Iraq’s Flood of ‘Cheap Oil’ Could Rock World Markets

From The Washington Times

By Patrice Hill

The U.S. is not the only nation experiencing a renaissance in oil production.

Sidelined for two decades by war, sanctions and political instability, Iraq passed a critical milestone last year by producing 3 million barrels a day of crude oil for the first time since 1990, before the Persian Gulf War, reaching 3.4 million barrels a day by December. Given its access to vast reserves at low costs, Baghdad is poised to play a pivotal role in determining whether the world’s growing thirst for oil drives up fuel prices to debilitating levels in coming years.

Iraq has a potential as a game-changer” in the volatile global oil market, said Maria van der Hoeven, executive director of the Paris-based International Energy Agency (IEA). Already, she noted, Iraq has moved up to be the world’s third-largest oil exporter and is now on a path to be much more, becoming a “strategic source of world oil supply” in the years ahead. Iraq even has hopes of supplanting Saudi Arabia as the globe’s biggest oil producer.

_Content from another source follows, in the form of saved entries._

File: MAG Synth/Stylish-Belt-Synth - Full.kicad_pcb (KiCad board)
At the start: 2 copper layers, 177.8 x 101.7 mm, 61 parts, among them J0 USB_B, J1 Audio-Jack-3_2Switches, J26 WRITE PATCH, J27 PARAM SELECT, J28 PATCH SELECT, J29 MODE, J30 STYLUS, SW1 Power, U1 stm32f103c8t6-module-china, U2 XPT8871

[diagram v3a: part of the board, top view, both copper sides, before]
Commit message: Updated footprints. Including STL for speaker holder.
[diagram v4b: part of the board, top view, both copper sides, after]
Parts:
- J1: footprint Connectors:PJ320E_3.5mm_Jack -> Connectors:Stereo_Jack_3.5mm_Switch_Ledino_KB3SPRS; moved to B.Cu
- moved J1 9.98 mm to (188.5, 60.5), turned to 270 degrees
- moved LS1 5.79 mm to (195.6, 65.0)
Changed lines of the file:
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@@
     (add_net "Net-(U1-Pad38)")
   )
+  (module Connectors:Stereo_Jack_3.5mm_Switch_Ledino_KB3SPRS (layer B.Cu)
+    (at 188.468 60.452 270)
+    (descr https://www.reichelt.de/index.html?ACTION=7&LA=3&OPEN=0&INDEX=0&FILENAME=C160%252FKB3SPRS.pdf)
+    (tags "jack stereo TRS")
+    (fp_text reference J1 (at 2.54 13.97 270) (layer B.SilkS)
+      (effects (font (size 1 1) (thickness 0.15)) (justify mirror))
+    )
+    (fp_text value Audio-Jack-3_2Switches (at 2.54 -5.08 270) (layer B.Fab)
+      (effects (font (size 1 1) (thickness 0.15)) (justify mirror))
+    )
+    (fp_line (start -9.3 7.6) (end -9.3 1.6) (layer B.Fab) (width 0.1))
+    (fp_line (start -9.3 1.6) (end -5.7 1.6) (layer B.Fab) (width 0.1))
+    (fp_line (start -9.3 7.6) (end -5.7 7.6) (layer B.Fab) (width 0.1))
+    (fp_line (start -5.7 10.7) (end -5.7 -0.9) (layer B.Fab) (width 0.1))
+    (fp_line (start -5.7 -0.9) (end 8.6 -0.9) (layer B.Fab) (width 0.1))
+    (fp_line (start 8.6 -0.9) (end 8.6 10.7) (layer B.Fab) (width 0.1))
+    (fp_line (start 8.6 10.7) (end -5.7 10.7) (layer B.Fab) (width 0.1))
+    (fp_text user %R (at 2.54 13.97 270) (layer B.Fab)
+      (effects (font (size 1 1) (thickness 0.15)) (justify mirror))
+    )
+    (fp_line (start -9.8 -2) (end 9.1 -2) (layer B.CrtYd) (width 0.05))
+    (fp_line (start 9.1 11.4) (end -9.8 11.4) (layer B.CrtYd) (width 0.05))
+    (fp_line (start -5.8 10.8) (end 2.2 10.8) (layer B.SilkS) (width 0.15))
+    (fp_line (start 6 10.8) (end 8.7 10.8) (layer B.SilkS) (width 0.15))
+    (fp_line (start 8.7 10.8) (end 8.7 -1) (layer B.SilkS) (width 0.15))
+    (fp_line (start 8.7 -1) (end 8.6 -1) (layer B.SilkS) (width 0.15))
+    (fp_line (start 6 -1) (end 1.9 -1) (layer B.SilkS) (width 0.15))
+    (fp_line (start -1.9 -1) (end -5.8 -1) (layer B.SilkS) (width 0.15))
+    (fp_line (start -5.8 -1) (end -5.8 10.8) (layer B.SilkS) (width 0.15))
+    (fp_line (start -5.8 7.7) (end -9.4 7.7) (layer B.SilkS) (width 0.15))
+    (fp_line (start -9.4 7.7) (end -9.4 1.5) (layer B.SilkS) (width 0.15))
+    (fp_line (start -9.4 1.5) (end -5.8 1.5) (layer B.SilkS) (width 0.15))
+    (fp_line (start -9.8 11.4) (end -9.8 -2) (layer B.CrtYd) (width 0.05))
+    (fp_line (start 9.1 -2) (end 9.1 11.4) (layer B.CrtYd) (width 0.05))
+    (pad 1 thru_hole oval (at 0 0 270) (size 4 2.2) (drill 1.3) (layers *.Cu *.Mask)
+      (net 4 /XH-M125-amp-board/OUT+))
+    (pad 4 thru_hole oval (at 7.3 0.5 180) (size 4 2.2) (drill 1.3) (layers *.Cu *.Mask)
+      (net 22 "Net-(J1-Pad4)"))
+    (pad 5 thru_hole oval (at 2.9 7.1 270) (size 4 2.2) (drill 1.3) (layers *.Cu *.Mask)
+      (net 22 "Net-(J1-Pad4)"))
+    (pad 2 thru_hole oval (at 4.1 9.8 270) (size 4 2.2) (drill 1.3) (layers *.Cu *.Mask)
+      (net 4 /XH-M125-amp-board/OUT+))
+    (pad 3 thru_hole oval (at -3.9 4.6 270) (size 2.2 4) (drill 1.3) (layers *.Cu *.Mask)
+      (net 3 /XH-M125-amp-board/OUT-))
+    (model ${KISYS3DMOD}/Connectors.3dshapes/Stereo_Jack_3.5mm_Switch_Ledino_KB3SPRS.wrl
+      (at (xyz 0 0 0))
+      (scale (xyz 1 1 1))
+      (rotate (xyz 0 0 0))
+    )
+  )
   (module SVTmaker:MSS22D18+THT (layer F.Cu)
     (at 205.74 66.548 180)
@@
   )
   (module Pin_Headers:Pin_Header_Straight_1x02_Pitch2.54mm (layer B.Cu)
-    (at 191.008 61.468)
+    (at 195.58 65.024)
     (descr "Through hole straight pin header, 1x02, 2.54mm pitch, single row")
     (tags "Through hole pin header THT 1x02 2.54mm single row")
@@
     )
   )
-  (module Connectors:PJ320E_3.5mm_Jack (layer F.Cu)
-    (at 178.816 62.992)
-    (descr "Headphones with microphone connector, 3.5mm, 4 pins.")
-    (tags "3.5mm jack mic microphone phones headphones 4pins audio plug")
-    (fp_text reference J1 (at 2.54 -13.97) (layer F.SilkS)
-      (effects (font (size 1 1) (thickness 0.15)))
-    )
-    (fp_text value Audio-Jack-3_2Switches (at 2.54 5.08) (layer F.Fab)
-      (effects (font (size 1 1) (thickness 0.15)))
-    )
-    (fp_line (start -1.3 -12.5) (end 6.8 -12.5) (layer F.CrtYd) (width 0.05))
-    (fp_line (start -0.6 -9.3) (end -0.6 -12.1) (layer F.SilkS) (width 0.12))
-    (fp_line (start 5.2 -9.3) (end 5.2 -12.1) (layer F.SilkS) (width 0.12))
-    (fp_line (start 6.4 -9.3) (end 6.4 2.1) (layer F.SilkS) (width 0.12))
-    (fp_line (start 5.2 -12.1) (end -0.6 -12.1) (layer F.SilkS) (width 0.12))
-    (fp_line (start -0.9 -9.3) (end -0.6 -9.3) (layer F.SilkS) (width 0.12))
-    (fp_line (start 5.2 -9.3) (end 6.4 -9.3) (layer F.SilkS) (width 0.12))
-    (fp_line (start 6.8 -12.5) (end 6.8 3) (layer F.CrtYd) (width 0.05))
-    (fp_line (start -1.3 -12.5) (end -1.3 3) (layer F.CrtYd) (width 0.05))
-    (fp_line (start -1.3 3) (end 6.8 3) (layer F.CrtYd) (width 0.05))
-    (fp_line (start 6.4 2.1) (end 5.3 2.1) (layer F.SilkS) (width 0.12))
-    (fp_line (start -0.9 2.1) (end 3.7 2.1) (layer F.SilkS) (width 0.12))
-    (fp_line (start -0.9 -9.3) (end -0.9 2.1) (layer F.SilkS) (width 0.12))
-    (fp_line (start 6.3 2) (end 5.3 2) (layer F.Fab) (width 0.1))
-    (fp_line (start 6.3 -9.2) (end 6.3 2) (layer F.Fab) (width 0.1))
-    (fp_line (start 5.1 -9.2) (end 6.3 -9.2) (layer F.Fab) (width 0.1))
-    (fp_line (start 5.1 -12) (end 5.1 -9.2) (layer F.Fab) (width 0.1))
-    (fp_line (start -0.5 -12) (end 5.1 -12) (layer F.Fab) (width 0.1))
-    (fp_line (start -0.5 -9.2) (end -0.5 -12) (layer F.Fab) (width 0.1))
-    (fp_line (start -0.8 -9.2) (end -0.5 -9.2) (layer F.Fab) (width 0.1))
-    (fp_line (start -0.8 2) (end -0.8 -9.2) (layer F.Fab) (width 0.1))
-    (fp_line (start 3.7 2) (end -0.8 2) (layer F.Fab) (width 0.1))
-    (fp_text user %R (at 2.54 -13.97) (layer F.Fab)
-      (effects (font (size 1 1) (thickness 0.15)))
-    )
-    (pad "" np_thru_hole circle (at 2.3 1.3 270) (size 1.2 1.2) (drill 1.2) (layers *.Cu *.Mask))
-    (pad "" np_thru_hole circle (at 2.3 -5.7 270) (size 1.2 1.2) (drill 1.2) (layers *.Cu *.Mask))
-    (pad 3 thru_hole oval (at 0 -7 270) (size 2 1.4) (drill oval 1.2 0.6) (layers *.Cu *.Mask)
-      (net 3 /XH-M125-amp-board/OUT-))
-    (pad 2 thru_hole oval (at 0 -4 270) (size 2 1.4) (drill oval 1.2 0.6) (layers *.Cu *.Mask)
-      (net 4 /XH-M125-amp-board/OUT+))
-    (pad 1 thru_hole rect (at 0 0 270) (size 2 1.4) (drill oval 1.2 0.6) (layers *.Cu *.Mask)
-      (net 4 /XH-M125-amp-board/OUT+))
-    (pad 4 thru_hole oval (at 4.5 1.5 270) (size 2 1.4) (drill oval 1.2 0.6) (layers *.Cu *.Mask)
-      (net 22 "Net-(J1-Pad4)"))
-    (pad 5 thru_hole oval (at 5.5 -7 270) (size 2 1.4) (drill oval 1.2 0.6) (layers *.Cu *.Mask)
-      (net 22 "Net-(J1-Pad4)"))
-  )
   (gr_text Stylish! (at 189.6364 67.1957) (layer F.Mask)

Iraq is perhaps the only country left in the world that has huge stores of what insiders call “cheap oil” — untapped reserves that can be extracted through relatively inexpensive, traditional drilling techniques rather than having to employ costly technologies such as hydraulic fracturing and deep-sea exploration — as in the U.S. — to tap reserves of oil found offshore or in deep underground shale formations.

The boon of cheap oil is the ironic result of Iraq’s many years outside the economic mainstream, when ongoing wars and an international oil embargo enforced by the United Nations ensured that the nation’s oil treasures were left mostly untouched in the ground.

The gusher of oil starting to flow from Iraqi wells couldn’t come at a better time. Demand for oil is escalating in quickly emerging markets such as China and India, where the use of cars is surging, and other major oil exporters such as Russia and Saudi Arabia appear to be reaching limits of their abilities to ratchet up production in major ways.